Figure 4. Molecular modeling of 1 and 2.

(a–d) Geometry-optimized structures of hexameric rosettes (a,b) and monomers (c,d) of 1 (a,c) and 2 (b,d). The molecular modeled structures are shown in vertical (left) and perpendicular (right) direction with respect to the rosette plane. Barbituric acid, oligothiophene, and alkyl chain moieties are colored in light blue, purple, and gray, respectively. The twisting between the barbituric acid, T1, and T2 planes in the monomer structures is shown by a schematic cartoon.

Figure 5. Self-organized structures of 1 and 2 in the bulk.

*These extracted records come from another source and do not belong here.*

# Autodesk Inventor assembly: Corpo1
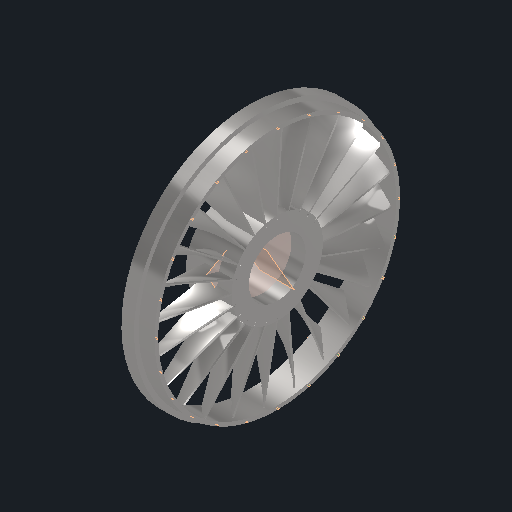
[picture p0: Inventor's stored thumbnail of the model, 512x512]
Saved by Autodesk Inventor 2026.2 (Build 302298010, 298A)
## iProperties
Created: 2026-05-01
Part Number: Corpo1
Document SubType Name: Assembly
Designer: Yan
Author: Yan
## Documents named in this file (4)
- C:\Users\Yan\Desktop\Turbina\Corpo1.iam
- C:\Users\Yan\Desktop\Turbina\PalaCorpoStadio1.ipt
- C:\Users\Yan\Desktop\Turbina\CorpoDiscoPaleSatdio1-DimensioniAprossimate.ipt
- C:\Users\Yan\Desktop\Turbina\DiscoCorpoTurbina1.ipt
## Components (26 placed, 3 different names)
1. PalaCorpoStadio1:1 — Mate:7, Mate:43, Flush:17
2. PalaCorpoStadio1:2 — Mate:2, Mate:48, Flush:22
3. PalaCorpoStadio1:3 — Mate:8, Mate:42, Flush:16
4. PalaCorpoStadio1:4 — Mate:9, Mate:41, Flush:15
5. PalaCorpoStadio1:5 — Mate:1, Mate:32, Flush:23
6. PalaCorpoStadio1:6 — Mate:14, Mate:36, Flush:10
7. PalaCorpoStadio1:7 — Mate:10, Mate:40, Flush:14
8. PalaCorpoStadio1:8 — Mate:16, Mate:34, Flush:8
9. PalaCorpoStadio1:9 — Mate:11, Mate:39, Flush:13
10. PalaCorpoStadio1:10 — Mate:15, Mate:35, Flush:9
11. PalaCorpoStadio1:11 — Mate:12, Mate:38, Flush:12
12. PalaCorpoStadio1:12 — Mate:13, Mate:37, Flush:11
13. PalaCorpoStadio1:13 — Mate:3, Mate:47, Flush:21
14. PalaCorpoStadio1:14 — Mate:6, Mate:44, Flush:18
15. PalaCorpoStadio1:15 — Mate:19, Mate:26, Flush:5
16. PalaCorpoStadio1:16 — Mate:20, Mate:25, Flush:4
17. PalaCorpoStadio1:17 — Mate:18, Mate:27, Flush:6
18. PalaCorpoStadio1:18 — Mate:17, Mate:33, Flush:7
19. PalaCorpoStadio1:19 — Mate:4, Mate:46, Flush:20
20. PalaCorpoStadio1:20 — Mate:5, Mate:45, Flush:19
21. PalaCorpoStadio1:21 — Mate:28, Mate:30, Flush:1
22. PalaCorpoStadio1:22 — Mate:29, Mate:31, Flush:24
23. PalaCorpoStadio1:23 — Mate:22, Mate:23, Flush:2
24. PalaCorpoStadio1:24 — Mate:21, Mate:24, Flush:3
25. CorpoDiscoPaleSatdio1-DimensioniAprossimate:1 — Mate:1, Mate:2, Mate:3, Mate:4, Mate:5, Mate:6, Mate:7, Mate:8, Mate:9, Mate:10, Mate:11, Mate:12, Mate:13, Mate:14, Mate:15, Mate:16, Mate:17, Mate:18, Mate:19, Mate:20, Mate:21, Mate:22, Mate:23, Mate:24, Mate:25, Mate:26, Mate:27, Mate:28, Mate:29, Mate:30, Mate:31, Mate:32, Mate:33, Mate:34, Mate:35, Mate:36, Mate:37, Mate:38, Mate:39, Mate:40, Mate:41, Mate:42, Mate:43, Mate:44, Mate:45, Mate:46, Mate:47, Mate:48, Flush:1, Flush:2, Flush:3, Flush:4, Flush:5, Flush:6, Flush:7, Flush:8, Flush:9, Flush:10, Flush:11, Flush:12, Flush:13, Flush:14, Flush:15, Flush:16, Flush:17, Flush:18, Flush:19, Flush:20, Flush:21, Flush:22, Flush:23, Flush:24, Mate:49, Flush:25
26. DiscoCorpoTurbina1:1 — Mate:49, Flush:25
## Relationships (74: Mate 49, Flush 25)
- Mate:1: PalaCorpoStadio1:5 ↔ CorpoDiscoPaleSatdio1-DimensioniAprossimate:1
- Mate:2: PalaCorpoStadio1:2 ↔ CorpoDiscoPaleSatdio1-DimensioniAprossimate:1
- Mate:3: PalaCorpoStadio1:13 ↔ CorpoDiscoPaleSatdio1-DimensioniAprossimate:1
- Mate:4: PalaCorpoStadio1:19 ↔ CorpoDiscoPaleSatdio1-DimensioniAprossimate:1
- Mate:5: PalaCorpoStadio1:20 ↔ CorpoDiscoPaleSatdio1-DimensioniAprossimate:1
- Mate:6: PalaCorpoStadio1:14 ↔ CorpoDiscoPaleSatdio1-DimensioniAprossimate:1
- Mate:7: PalaCorpoStadio1:1 ↔ CorpoDiscoPaleSatdio1-DimensioniAprossimate:1
- Mate:8: PalaCorpoStadio1:3 ↔ CorpoDiscoPaleSatdio1-DimensioniAprossimate:1
- Mate:9: PalaCorpoStadio1:4 ↔ CorpoDiscoPaleSatdio1-DimensioniAprossimate:1
- Mate:10: PalaCorpoStadio1:7 ↔ CorpoDiscoPaleSatdio1-DimensioniAprossimate:1
- Mate:11: PalaCorpoStadio1:9 ↔ CorpoDiscoPaleSatdio1-DimensioniAprossimate:1
- Mate:12: PalaCorpoStadio1:11 ↔ CorpoDiscoPaleSatdio1-DimensioniAprossimate:1
- Mate:13: PalaCorpoStadio1:12 ↔ CorpoDiscoPaleSatdio1-DimensioniAprossimate:1
- Mate:14: PalaCorpoStadio1:6 ↔ CorpoDiscoPaleSatdio1-DimensioniAprossimate:1
- Mate:15: PalaCorpoStadio1:10 ↔ CorpoDiscoPaleSatdio1-DimensioniAprossimate:1
- Mate:16: PalaCorpoStadio1:8 ↔ CorpoDiscoPaleSatdio1-DimensioniAprossimate:1
- Mate:17: PalaCorpoStadio1:18 ↔ CorpoDiscoPaleSatdio1-DimensioniAprossimate:1
- Mate:18: PalaCorpoStadio1:17 ↔ CorpoDiscoPaleSatdio1-DimensioniAprossimate:1
- Mate:19: PalaCorpoStadio1:15 ↔ CorpoDiscoPaleSatdio1-DimensioniAprossimate:1
- Mate:20: PalaCorpoStadio1:16 ↔ CorpoDiscoPaleSatdio1-DimensioniAprossimate:1
- Mate:21: PalaCorpoStadio1:24 ↔ CorpoDiscoPaleSatdio1-DimensioniAprossimate:1
- Mate:22: PalaCorpoStadio1:23 ↔ CorpoDiscoPaleSatdio1-DimensioniAprossimate:1
- Mate:23: PalaCorpoStadio1:23 ↔ CorpoDiscoPaleSatdio1-DimensioniAprossimate:1
- Mate:24: PalaCorpoStadio1:24 ↔ CorpoDiscoPaleSatdio1-DimensioniAprossimate:1
- Mate:25: PalaCorpoStadio1:16 ↔ CorpoDiscoPaleSatdio1-DimensioniAprossimate:1
- Mate:26: PalaCorpoStadio1:15 ↔ CorpoDiscoPaleSatdio1-DimensioniAprossimate:1
- Mate:27: PalaCorpoStadio1:17 ↔ CorpoDiscoPaleSatdio1-DimensioniAprossimate:1
- Mate:28: PalaCorpoStadio1:21 ↔ CorpoDiscoPaleSatdio1-DimensioniAprossimate:1
- Mate:29: PalaCorpoStadio1:22 ↔ CorpoDiscoPaleSatdio1-DimensioniAprossimate:1
- Mate:30: PalaCorpoStadio1:21 ↔ CorpoDiscoPaleSatdio1-DimensioniAprossimate:1
- Mate:31: PalaCorpoStadio1:22 ↔ CorpoDiscoPaleSatdio1-DimensioniAprossimate:1
- Mate:32: PalaCorpoStadio1:5 ↔ CorpoDiscoPaleSatdio1-DimensioniAprossimate:1
- Mate:33: PalaCorpoStadio1:18 ↔ CorpoDiscoPaleSatdio1-DimensioniAprossimate:1
- Mate:34: PalaCorpoStadio1:8 ↔ CorpoDiscoPaleSatdio1-DimensioniAprossimate:1
- Mate:35: PalaCorpoStadio1:10 ↔ CorpoDiscoPaleSatdio1-DimensioniAprossimate:1
- Mate:36: PalaCorpoStadio1:6 ↔ CorpoDiscoPaleSatdio1-DimensioniAprossimate:1
- Mate:37: PalaCorpoStadio1:12 ↔ CorpoDiscoPaleSatdio1-DimensioniAprossimate:1
- Mate:38: PalaCorpoStadio1:11 ↔ CorpoDiscoPaleSatdio1-DimensioniAprossimate:1
- Mate:39: PalaCorpoStadio1:9 ↔ CorpoDiscoPaleSatdio1-DimensioniAprossimate:1
- Mate:40: PalaCorpoStadio1:7 ↔ CorpoDiscoPaleSatdio1-DimensioniAprossimate:1
- Mate:41: PalaCorpoStadio1:4 ↔ CorpoDiscoPaleSatdio1-DimensioniAprossimate:1
- Mate:42: PalaCorpoStadio1:3 ↔ CorpoDiscoPaleSatdio1-DimensioniAprossimate:1
- Mate:43: PalaCorpoStadio1:1 ↔ CorpoDiscoPaleSatdio1-DimensioniAprossimate:1
- Mate:44: PalaCorpoStadio1:14 ↔ CorpoDiscoPaleSatdio1-DimensioniAprossimate:1
- Mate:45: PalaCorpoStadio1:20 ↔ CorpoDiscoPaleSatdio1-DimensioniAprossimate:1
- Mate:46: PalaCorpoStadio1:19 ↔ CorpoDiscoPaleSatdio1-DimensioniAprossimate:1
- Mate:47: PalaCorpoStadio1:13 ↔ CorpoDiscoPaleSatdio1-DimensioniAprossimate:1
- Mate:48: PalaCorpoStadio1:2 ↔ CorpoDiscoPaleSatdio1-DimensioniAprossimate:1
- Flush:1: PalaCorpoStadio1:21 ↔ CorpoDiscoPaleSatdio1-DimensioniAprossimate:1
- Flush:2: PalaCorpoStadio1:23 ↔ CorpoDiscoPaleSatdio1-DimensioniAprossimate:1
- Flush:3: PalaCorpoStadio1:24 ↔ CorpoDiscoPaleSatdio1-DimensioniAprossimate:1
- Flush:4: PalaCorpoStadio1:16 ↔ CorpoDiscoPaleSatdio1-DimensioniAprossimate:1
- Flush:5: PalaCorpoStadio1:15 ↔ CorpoDiscoPaleSatdio1-DimensioniAprossimate:1
- Flush:6: PalaCorpoStadio1:17 ↔ CorpoDiscoPaleSatdio1-DimensioniAprossimate:1
- Flush:7: PalaCorpoStadio1:18 ↔ CorpoDiscoPaleSatdio1-DimensioniAprossimate:1
- Flush:8: PalaCorpoStadio1:8 ↔ CorpoDiscoPaleSatdio1-DimensioniAprossimate:1
- Flush:9: PalaCorpoStadio1:10 ↔ CorpoDiscoPaleSatdio1-DimensioniAprossimate:1
- Flush:10: PalaCorpoStadio1:6 ↔ CorpoDiscoPaleSatdio1-DimensioniAprossimate:1
- Flush:11: PalaCorpoStadio1:12 ↔ CorpoDiscoPaleSatdio1-DimensioniAprossimate:1
- Flush:12: PalaCorpoStadio1:11 ↔ CorpoDiscoPaleSatdio1-DimensioniAprossimate:1
- Flush:13: PalaCorpoStadio1:9 ↔ CorpoDiscoPaleSatdio1-DimensioniAprossimate:1
- Flush:14: PalaCorpoStadio1:7 ↔ CorpoDiscoPaleSatdio1-DimensioniAprossimate:1
- Flush:15: PalaCorpoStadio1:4 ↔ CorpoDiscoPaleSatdio1-DimensioniAprossimate:1
- Flush:16: PalaCorpoStadio1:3 ↔ CorpoDiscoPaleSatdio1-DimensioniAprossimate:1
- Flush:17: PalaCorpoStadio1:1 ↔ CorpoDiscoPaleSatdio1-DimensioniAprossimate:1
- Flush:18: PalaCorpoStadio1:14 ↔ CorpoDiscoPaleSatdio1-DimensioniAprossimate:1
- Flush:19: PalaCorpoStadio1:20 ↔ CorpoDiscoPaleSatdio1-DimensioniAprossimate:1
- Flush:20: PalaCorpoStadio1:19 ↔ CorpoDiscoPaleSatdio1-DimensioniAprossimate:1
- Flush:21: PalaCorpoStadio1:13 ↔ CorpoDiscoPaleSatdio1-DimensioniAprossimate:1
- Flush:22: PalaCorpoStadio1:2 ↔ CorpoDiscoPaleSatdio1-DimensioniAprossimate:1
- Flush:23: PalaCorpoStadio1:5 ↔ CorpoDiscoPaleSatdio1-DimensioniAprossimate:1
- Flush:24: PalaCorpoStadio1:22 ↔ CorpoDiscoPaleSatdio1-DimensioniAprossimate:1
- Mate:49: CorpoDiscoPaleSatdio1-DimensioniAprossimate:1 ↔ DiscoCorpoTurbina1:1
- Flush:25: CorpoDiscoPaleSatdio1-DimensioniAprossimate:1 ↔ DiscoCorpoTurbina1:1

(a,d) PXRD patterns of bulk samples of 1 (a) and 2 (d) at 25 °C in a glass capillary (diameter: 1.0 mm). Values in parenthesis denote Miller indices. (b,e) Molecular models of rosettes of 1 (b) and tapes of 2 (e). (c,f) Schematic representations of a proposed packing structures of 1 (c) and 2 (f) with lattice parameters. In (c), only left-handed helical columns are used to show the packing structure. As 1 does not contain a chiral center, both left- and right-handed helical columns should be formed.

Figure 6. Morphology and photovoltaic properties of p–n heterojunction structures.

(a–d) AFM images of as-cast (a,c) and annealed (b,d) thin films of 1:PC₆₁BM (a,b) and 2:PC₆₁BM (c,d); scale bar, 200 nm. Thin film samples were prepared by spin-coating CHCl₃ solutions of 1:PC₆₁BM and 2:PC₆₁BM (c_total = 20 mg mL⁻¹) onto substrates. Annealing conditions: T = 80 °C, t = 10 min. (e–h) Schematic illustration of morphological change of 1:PC₆₁BM (e,f) and 2:PC₆₁BM (g,h) upon annealing. (i) Current–voltage (J–V) characteristics of BHJ solar cells using 1:1 (w:w) blend films of 1:PC₆₁BM (red lines) and 2:PC₆₁BM (blue lines) before (dotted lines) and after annealing at 80 °C (solid lines). (j) PCE and J_sc values of devices containing 1 (red) and 2 (blue) as a function of the annealing temperature. (k) UV-vis absorption (dashed curves) and EQE spectra (solid curves) of thermally annealed (T = 80 °C) 1:1 (w/w) blend films of 1:PC₆₁BM (red) and 2:PC₆₁BM (blue). Film thickness: 100–120 nm. Average values of four cells with standard deviation.